What is needed: What you should repeat is the run of lines from the top of the listing below through the line with "#23=PLANE('',#22);", exactly, with no pictures.

Provided material:

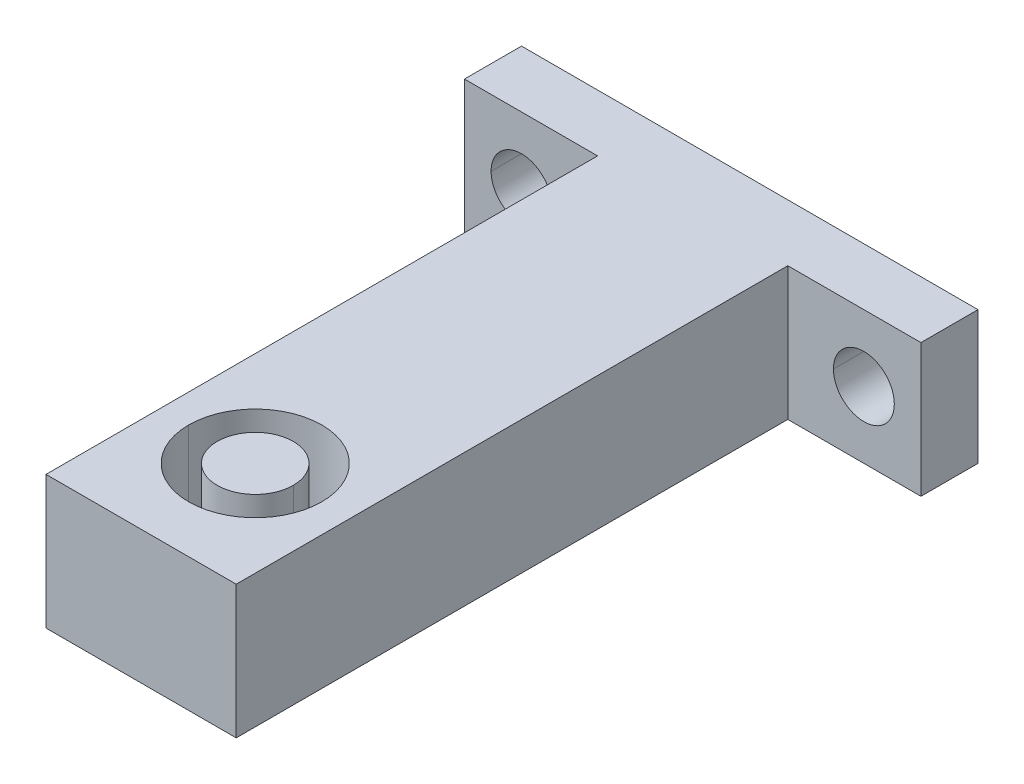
ISO-10303-21;
HEADER;
FILE_DESCRIPTION(('STEP AP214'),'2;1');
FILE_NAME('part.step','',(''),(''),'','','');
FILE_SCHEMA(('AUTOMOTIVE_DESIGN { 1 0 10303 214 1 1 1 1 }'));
ENDSEC;
DATA;
#1=APPLICATION_CONTEXT('core data for automotive mechanical design processes');
#2=APPLICATION_PROTOCOL_DEFINITION('international standard','automotive_design',2000,#1);
#3=PRODUCT_CONTEXT('',#1,'mechanical');
#4=PRODUCT('Part','Part','',(#3));
#5=PRODUCT_RELATED_PRODUCT_CATEGORY('part','',(#4));
#6=PRODUCT_DEFINITION_FORMATION('','',#4);
#7=PRODUCT_DEFINITION_CONTEXT('part definition',#1,'design');
#8=PRODUCT_DEFINITION('design','',#6,#7);
#9=PRODUCT_DEFINITION_SHAPE('','',#8);
#10=(LENGTH_UNIT() NAMED_UNIT(*) SI_UNIT(.MILLI.,.METRE.));
#11=(NAMED_UNIT(*) PLANE_ANGLE_UNIT() SI_UNIT($,.RADIAN.));
#12=(NAMED_UNIT(*) SI_UNIT($,.STERADIAN.) SOLID_ANGLE_UNIT());
#13=UNCERTAINTY_MEASURE_WITH_UNIT(LENGTH_MEASURE(1.E-05),#10,'distance_accuracy_value','');
#14=(GEOMETRIC_REPRESENTATION_CONTEXT(3) GLOBAL_UNCERTAINTY_ASSIGNED_CONTEXT((#13)) GLOBAL_UNIT_ASSIGNED_CONTEXT((#10,
#11,#12)) REPRESENTATION_CONTEXT('',''));
#15=CARTESIAN_POINT('',(0.,0.,0.));
#16=DIRECTION('',(0.,0.,1.));
#17=DIRECTION('',(1.,0.,0.));
#18=AXIS2_PLACEMENT_3D('',#15,#16,#17);
#19=CARTESIAN_POINT('',(15.875,11.1125,-63.5));
#20=DIRECTION('',(0.,1.,0.));
#21=DIRECTION('',(0.,0.,1.));
#22=AXIS2_PLACEMENT_3D('',#19,#20,#21);
#23=PLANE('',#22);
#24=CARTESIAN_POINT('',(0.,11.1125,31.75));
#25=DIRECTION('',(0.,-1.,0.));
#26=DIRECTION('',(0.,0.,-1.));
#27=AXIS2_PLACEMENT_3D('',#24,#25,#26);
#28=CIRCLE('',#27,6.35);
#29=CARTESIAN_POINT('',(6.35,11.1125,31.75));
#30=VERTEX_POINT('',#29);
#31=CARTESIAN_POINT('',(-6.35,11.1125,31.75));
#32=VERTEX_POINT('',#31);
#33=EDGE_CURVE('P0_E47',#30,#32,#28,.T.);
#34=ORIENTED_EDGE('',*,*,#33,.F.);
#35=CARTESIAN_POINT('',(0.,11.1125,31.75));
#36=DIRECTION('',(0.,-1.,0.));
#37=DIRECTION('',(0.,0.,-1.));
#38=AXIS2_PLACEMENT_3D('',#35,#36,#37);
#39=CIRCLE('',#38,6.35);
#40=EDGE_CURVE('P0_E19',#32,#30,#39,.T.);
#41=ORIENTED_EDGE('',*,*,#40,.F.);
#42=EDGE_LOOP('',(#34,#41));
#43=FACE_BOUND('',#42,.T.);
#44=ADVANCED_FACE('P0_F16',(#43),#23,.T.);
#45=CARTESIAN_POINT('',(0.,0.,31.75));
#46=DIRECTION('',(0.,-1.,0.));
#47=DIRECTION('',(0.,0.,-1.));
#48=AXIS2_PLACEMENT_3D('',#45,#46,#47);
#49=CYLINDRICAL_SURFACE('',#48,6.35);
#50=DIRECTION('',(0.,-1.,0.));
#51=VECTOR('',#50,1.);
#52=CARTESIAN_POINT('',(-6.35,0.,31.75));
#53=LINE('',#52,#51);
#54=CARTESIAN_POINT('',(-6.35,-11.1125,31.75));
#55=VERTEX_POINT('',#54);
#56=EDGE_CURVE('P0_E25',#32,#55,#53,.T.);
#57=ORIENTED_EDGE('',*,*,#56,.F.);
#58=ORIENTED_EDGE('',*,*,#40,.T.);
#59=DIRECTION('',(0.,-1.,0.));
#60=VECTOR('',#59,1.);
#61=CARTESIAN_POINT('',(6.35,0.,31.75));
#62=LINE('',#61,#60);
#63=CARTESIAN_POINT('',(6.35,-11.1125,31.75));
#64=VERTEX_POINT('',#63);
#65=EDGE_CURVE('P0_E41',#64,#30,#62,.F.);
#66=ORIENTED_EDGE('',*,*,#65,.F.);
#67=CARTESIAN_POINT('',(0.,-11.1125,31.75));
#68=DIRECTION('',(0.,-1.,0.));
#69=DIRECTION('',(0.,0.,-1.));
#70=AXIS2_PLACEMENT_3D('',#67,#68,#69);
#71=CIRCLE('',#70,6.35);
#72=EDGE_CURVE('P0_E34',#55,#64,#71,.T.);
#73=ORIENTED_EDGE('',*,*,#72,.F.);
#74=EDGE_LOOP('',(#57,#58,#66,#73));
#75=FACE_BOUND('',#74,.T.);
#76=ADVANCED_FACE('P0_F43',(#75),#49,.T.);
#77=CARTESIAN_POINT('',(15.875,-11.1125,50.8));
#78=DIRECTION('',(0.,-1.,0.));
#79=DIRECTION('',(0.,0.,-1.));
#80=AXIS2_PLACEMENT_3D('',#77,#78,#79);
#81=PLANE('',#80);
#82=ORIENTED_EDGE('',*,*,#72,.T.);
#83=CARTESIAN_POINT('',(0.,-11.1125,31.75));
#84=DIRECTION('',(0.,-1.,0.));
#85=DIRECTION('',(0.,0.,-1.));
#86=AXIS2_PLACEMENT_3D('',#83,#84,#85);
#87=CIRCLE('',#86,6.35);
#88=EDGE_CURVE('P0_E11',#55,#64,#87,.F.);
#89=ORIENTED_EDGE('',*,*,#88,.F.);
#90=EDGE_LOOP('',(#82,#89));
#91=FACE_BOUND('',#90,.T.);
#92=ADVANCED_FACE('P0_F54',(#91),#81,.T.);
#93=CARTESIAN_POINT('',(0.,0.,31.75));
#94=DIRECTION('',(0.,-1.,0.));
#95=DIRECTION('',(0.,0.,-1.));
#96=AXIS2_PLACEMENT_3D('',#93,#94,#95);
#97=CYLINDRICAL_SURFACE('',#96,6.35);
#98=ORIENTED_EDGE('',*,*,#56,.T.);
#99=ORIENTED_EDGE('',*,*,#88,.T.);
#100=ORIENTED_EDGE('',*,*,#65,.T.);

Result below:
ISO-10303-21;
HEADER;
FILE_DESCRIPTION(('STEP AP214'),'2;1');
FILE_NAME('part.step','',(''),(''),'','','');
FILE_SCHEMA(('AUTOMOTIVE_DESIGN { 1 0 10303 214 1 1 1 1 }'));
ENDSEC;
DATA;
#1=APPLICATION_CONTEXT('core data for automotive mechanical design processes');
#2=APPLICATION_PROTOCOL_DEFINITION('international standard','automotive_design',2000,#1);
#3=PRODUCT_CONTEXT('',#1,'mechanical');
#4=PRODUCT('Part','Part','',(#3));
#5=PRODUCT_RELATED_PRODUCT_CATEGORY('part','',(#4));
#6=PRODUCT_DEFINITION_FORMATION('','',#4);
#7=PRODUCT_DEFINITION_CONTEXT('part definition',#1,'design');
#8=PRODUCT_DEFINITION('design','',#6,#7);
#9=PRODUCT_DEFINITION_SHAPE('','',#8);
#10=(LENGTH_UNIT() NAMED_UNIT(*) SI_UNIT(.MILLI.,.METRE.));
#11=(NAMED_UNIT(*) PLANE_ANGLE_UNIT() SI_UNIT($,.RADIAN.));
#12=(NAMED_UNIT(*) SI_UNIT($,.STERADIAN.) SOLID_ANGLE_UNIT());
#13=UNCERTAINTY_MEASURE_WITH_UNIT(LENGTH_MEASURE(1.E-05),#10,'distance_accuracy_value','');
#14=(GEOMETRIC_REPRESENTATION_CONTEXT(3) GLOBAL_UNCERTAINTY_ASSIGNED_CONTEXT((#13)) GLOBAL_UNIT_ASSIGNED_CONTEXT((#10,
#11,#12)) REPRESENTATION_CONTEXT('',''));
#15=CARTESIAN_POINT('',(0.,0.,0.));
#16=DIRECTION('',(0.,0.,1.));
#17=DIRECTION('',(1.,0.,0.));
#18=AXIS2_PLACEMENT_3D('',#15,#16,#17);
#19=CARTESIAN_POINT('',(15.875,11.1125,-63.5));
#20=DIRECTION('',(0.,1.,0.));
#21=DIRECTION('',(0.,0.,1.));
#22=AXIS2_PLACEMENT_3D('',#19,#20,#21);
#23=PLANE('',#22);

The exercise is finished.